[Extracted records]
··········

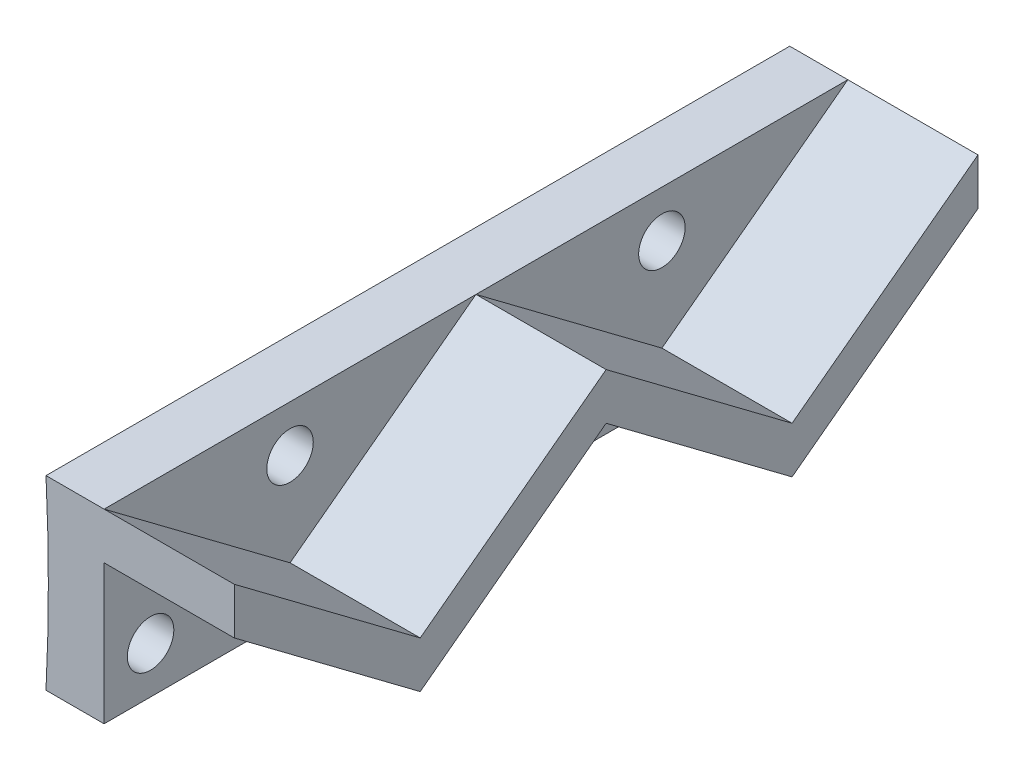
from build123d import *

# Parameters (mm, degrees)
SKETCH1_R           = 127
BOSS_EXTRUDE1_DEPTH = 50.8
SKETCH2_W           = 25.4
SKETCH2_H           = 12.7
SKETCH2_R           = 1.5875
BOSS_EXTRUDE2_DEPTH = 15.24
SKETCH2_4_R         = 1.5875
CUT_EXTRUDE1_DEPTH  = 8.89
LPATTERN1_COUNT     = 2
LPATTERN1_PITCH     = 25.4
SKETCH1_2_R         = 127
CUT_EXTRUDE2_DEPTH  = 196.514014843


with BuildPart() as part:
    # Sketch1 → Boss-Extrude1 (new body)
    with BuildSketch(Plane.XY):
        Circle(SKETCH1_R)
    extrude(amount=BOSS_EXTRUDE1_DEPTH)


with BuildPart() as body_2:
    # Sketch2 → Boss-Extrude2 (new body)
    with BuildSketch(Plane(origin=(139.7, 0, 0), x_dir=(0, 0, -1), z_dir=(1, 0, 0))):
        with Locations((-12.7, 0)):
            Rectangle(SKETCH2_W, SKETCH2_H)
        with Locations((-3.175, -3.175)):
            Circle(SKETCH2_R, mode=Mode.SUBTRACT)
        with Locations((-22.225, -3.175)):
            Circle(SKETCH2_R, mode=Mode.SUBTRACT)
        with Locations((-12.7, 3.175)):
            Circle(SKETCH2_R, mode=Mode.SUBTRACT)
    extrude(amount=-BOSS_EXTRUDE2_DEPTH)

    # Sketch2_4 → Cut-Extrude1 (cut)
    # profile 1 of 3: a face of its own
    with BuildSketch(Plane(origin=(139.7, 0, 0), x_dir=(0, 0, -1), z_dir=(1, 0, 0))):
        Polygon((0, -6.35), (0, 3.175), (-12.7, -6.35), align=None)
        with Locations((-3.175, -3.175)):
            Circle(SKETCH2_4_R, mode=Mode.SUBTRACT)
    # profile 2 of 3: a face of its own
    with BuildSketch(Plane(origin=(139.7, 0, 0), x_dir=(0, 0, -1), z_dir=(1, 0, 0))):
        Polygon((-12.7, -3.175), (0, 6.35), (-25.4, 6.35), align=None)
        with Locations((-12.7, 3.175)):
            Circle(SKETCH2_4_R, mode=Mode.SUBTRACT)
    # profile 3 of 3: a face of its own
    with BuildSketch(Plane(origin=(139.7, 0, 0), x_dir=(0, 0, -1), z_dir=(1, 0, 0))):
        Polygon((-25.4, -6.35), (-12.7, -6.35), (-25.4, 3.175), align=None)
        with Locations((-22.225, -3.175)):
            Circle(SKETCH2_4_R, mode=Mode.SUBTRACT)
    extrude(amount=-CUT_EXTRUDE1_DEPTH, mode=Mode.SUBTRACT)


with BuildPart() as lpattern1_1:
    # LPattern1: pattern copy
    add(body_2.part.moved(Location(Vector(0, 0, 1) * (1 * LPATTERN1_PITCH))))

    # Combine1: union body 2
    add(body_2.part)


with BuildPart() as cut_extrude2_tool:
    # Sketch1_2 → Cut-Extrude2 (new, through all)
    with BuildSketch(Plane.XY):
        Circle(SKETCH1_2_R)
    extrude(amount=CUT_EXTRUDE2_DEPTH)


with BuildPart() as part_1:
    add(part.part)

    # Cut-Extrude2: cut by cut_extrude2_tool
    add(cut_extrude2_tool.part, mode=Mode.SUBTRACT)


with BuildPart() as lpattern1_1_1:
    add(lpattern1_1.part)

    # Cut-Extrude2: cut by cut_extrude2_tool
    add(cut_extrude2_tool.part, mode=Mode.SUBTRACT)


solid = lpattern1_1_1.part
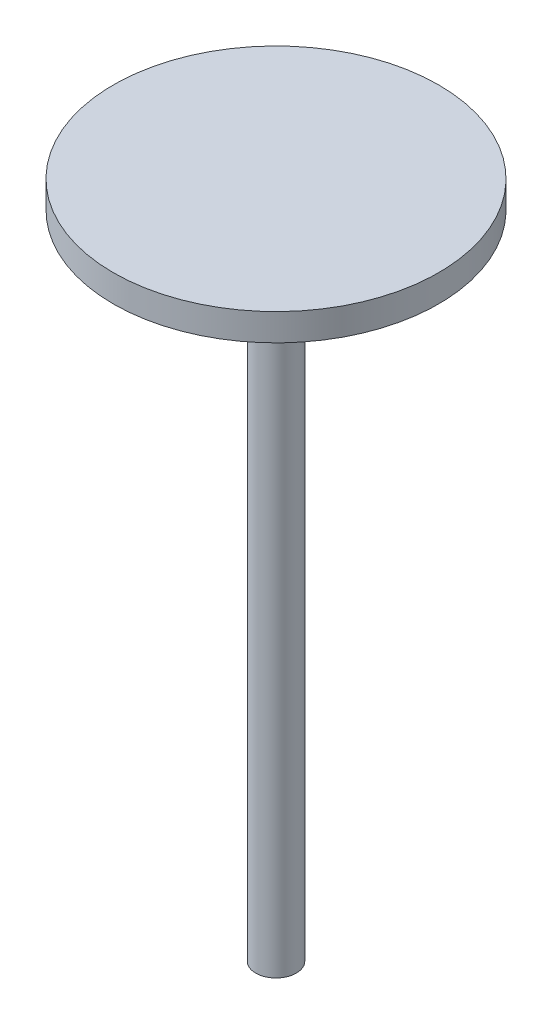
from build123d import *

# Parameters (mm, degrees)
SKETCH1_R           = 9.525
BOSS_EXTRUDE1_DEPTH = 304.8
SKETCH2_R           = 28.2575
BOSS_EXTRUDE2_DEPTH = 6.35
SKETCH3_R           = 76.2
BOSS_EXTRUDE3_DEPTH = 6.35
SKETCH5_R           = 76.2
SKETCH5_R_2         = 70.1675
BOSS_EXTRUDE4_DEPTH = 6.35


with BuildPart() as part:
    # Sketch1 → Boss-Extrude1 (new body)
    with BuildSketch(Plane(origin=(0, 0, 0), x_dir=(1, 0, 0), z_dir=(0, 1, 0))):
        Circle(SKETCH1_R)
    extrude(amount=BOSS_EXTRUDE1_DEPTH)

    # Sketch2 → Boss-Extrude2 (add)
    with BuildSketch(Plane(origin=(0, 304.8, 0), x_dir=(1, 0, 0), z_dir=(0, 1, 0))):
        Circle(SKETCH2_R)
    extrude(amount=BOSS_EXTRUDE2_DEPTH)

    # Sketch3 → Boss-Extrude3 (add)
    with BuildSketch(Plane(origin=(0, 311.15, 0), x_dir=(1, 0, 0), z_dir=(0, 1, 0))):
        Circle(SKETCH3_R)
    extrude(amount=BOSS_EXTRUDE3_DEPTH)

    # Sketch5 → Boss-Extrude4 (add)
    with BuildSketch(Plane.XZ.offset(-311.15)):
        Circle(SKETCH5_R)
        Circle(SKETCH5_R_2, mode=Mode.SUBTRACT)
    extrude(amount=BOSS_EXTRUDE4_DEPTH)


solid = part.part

··········

• _PROBLEM_:
Repeat the records above exactly, omitting every picture.

• _YOUR RESPONSE_:
from build123d import *

# Parameters (mm, degrees)
SKETCH1_R           = 127
BOSS_EXTRUDE1_DEPTH = 50.8
SKETCH2_W           = 25.4
SKETCH2_H           = 12.7
SKETCH2_R           = 1.5875
BOSS_EXTRUDE2_DEPTH = 15.24
SKETCH2_4_R         = 1.5875
CUT_EXTRUDE1_DEPTH  = 8.89
LPATTERN1_COUNT     = 2
LPATTERN1_PITCH     = 25.4
SKETCH1_2_R         = 127
CUT_EXTRUDE2_DEPTH  = 196.514014843


with BuildPart() as part:
    # Sketch1 → Boss-Extrude1 (new body)
    with BuildSketch(Plane.XY):
        Circle(SKETCH1_R)
    extrude(amount=BOSS_EXTRUDE1_DEPTH)


with BuildPart() as body_2:
    # Sketch2 → Boss-Extrude2 (new body)
    with BuildSketch(Plane(origin=(139.7, 0, 0), x_dir=(0, 0, -1), z_dir=(1, 0, 0))):
        with Locations((-12.7, 0)):
            Rectangle(SKETCH2_W, SKETCH2_H)
        with Locations((-3.175, -3.175)):
            Circle(SKETCH2_R, mode=Mode.SUBTRACT)
        with Locations((-22.225, -3.175)):
            Circle(SKETCH2_R, mode=Mode.SUBTRACT)
        with Locations((-12.7, 3.175)):
            Circle(SKETCH2_R, mode=Mode.SUBTRACT)
    extrude(amount=-BOSS_EXTRUDE2_DEPTH)

    # Sketch2_4 → Cut-Extrude1 (cut)
    # profile 1 of 3: a face of its own
    with BuildSketch(Plane(origin=(139.7, 0, 0), x_dir=(0, 0, -1), z_dir=(1, 0, 0))):
        Polygon((0, -6.35), (0, 3.175), (-12.7, -6.35), align=None)
        with Locations((-3.175, -3.175)):
            Circle(SKETCH2_4_R, mode=Mode.SUBTRACT)
    # profile 2 of 3: a face of its own
    with BuildSketch(Plane(origin=(139.7, 0, 0), x_dir=(0, 0, -1), z_dir=(1, 0, 0))):
        Polygon((-12.7, -3.175), (0, 6.35), (-25.4, 6.35), align=None)
        with Locations((-12.7, 3.175)):
            Circle(SKETCH2_4_R, mode=Mode.SUBTRACT)
    # profile 3 of 3: a face of its own
    with BuildSketch(Plane(origin=(139.7, 0, 0), x_dir=(0, 0, -1), z_dir=(1, 0, 0))):
        Polygon((-25.4, -6.35), (-12.7, -6.35), (-25.4, 3.175), align=None)
        with Locations((-22.225, -3.175)):
            Circle(SKETCH2_4_R, mode=Mode.SUBTRACT)
    extrude(amount=-CUT_EXTRUDE1_DEPTH, mode=Mode.SUBTRACT)


with BuildPart() as lpattern1_1:
    # LPattern1: pattern copy
    add(body_2.part.moved(Location(Vector(0, 0, 1) * (1 * LPATTERN1_PITCH))))

    # Combine1: union body 2
    add(body_2.part)


with BuildPart() as cut_extrude2_tool:
    # Sketch1_2 → Cut-Extrude2 (new, through all)
    with BuildSketch(Plane.XY):
        Circle(SKETCH1_2_R)
    extrude(amount=CUT_EXTRUDE2_DEPTH)


with BuildPart() as part_1:
    add(part.part)

    # Cut-Extrude2: cut by cut_extrude2_tool
    add(cut_extrude2_tool.part, mode=Mode.SUBTRACT)


with BuildPart() as lpattern1_1_1:
    add(lpattern1_1.part)

    # Cut-Extrude2: cut by cut_extrude2_tool
    add(cut_extrude2_tool.part, mode=Mode.SUBTRACT)


solid = lpattern1_1_1.part
from build123d import *

# Parameters (mm, degrees)
SKETCH1_R           = 9.525
BOSS_EXTRUDE1_DEPTH = 304.8
SKETCH2_R           = 28.2575
BOSS_EXTRUDE2_DEPTH = 6.35
SKETCH3_R           = 76.2
BOSS_EXTRUDE3_DEPTH = 6.35
SKETCH5_R           = 76.2
SKETCH5_R_2         = 70.1675
BOSS_EXTRUDE4_DEPTH = 6.35


with BuildPart() as part:
    # Sketch1 → Boss-Extrude1 (new body)
    with BuildSketch(Plane(origin=(0, 0, 0), x_dir=(1, 0, 0), z_dir=(0, 1, 0))):
        Circle(SKETCH1_R)
    extrude(amount=BOSS_EXTRUDE1_DEPTH)

    # Sketch2 → Boss-Extrude2 (add)
    with BuildSketch(Plane(origin=(0, 304.8, 0), x_dir=(1, 0, 0), z_dir=(0, 1, 0))):
        Circle(SKETCH2_R)
    extrude(amount=BOSS_EXTRUDE2_DEPTH)

    # Sketch3 → Boss-Extrude3 (add)
    with BuildSketch(Plane(origin=(0, 311.15, 0), x_dir=(1, 0, 0), z_dir=(0, 1, 0))):
        Circle(SKETCH3_R)
    extrude(amount=BOSS_EXTRUDE3_DEPTH)

    # Sketch5 → Boss-Extrude4 (add)
    with BuildSketch(Plane.XZ.offset(-311.15)):
        Circle(SKETCH5_R)
        Circle(SKETCH5_R_2, mode=Mode.SUBTRACT)
    extrude(amount=BOSS_EXTRUDE4_DEPTH)


solid = part.part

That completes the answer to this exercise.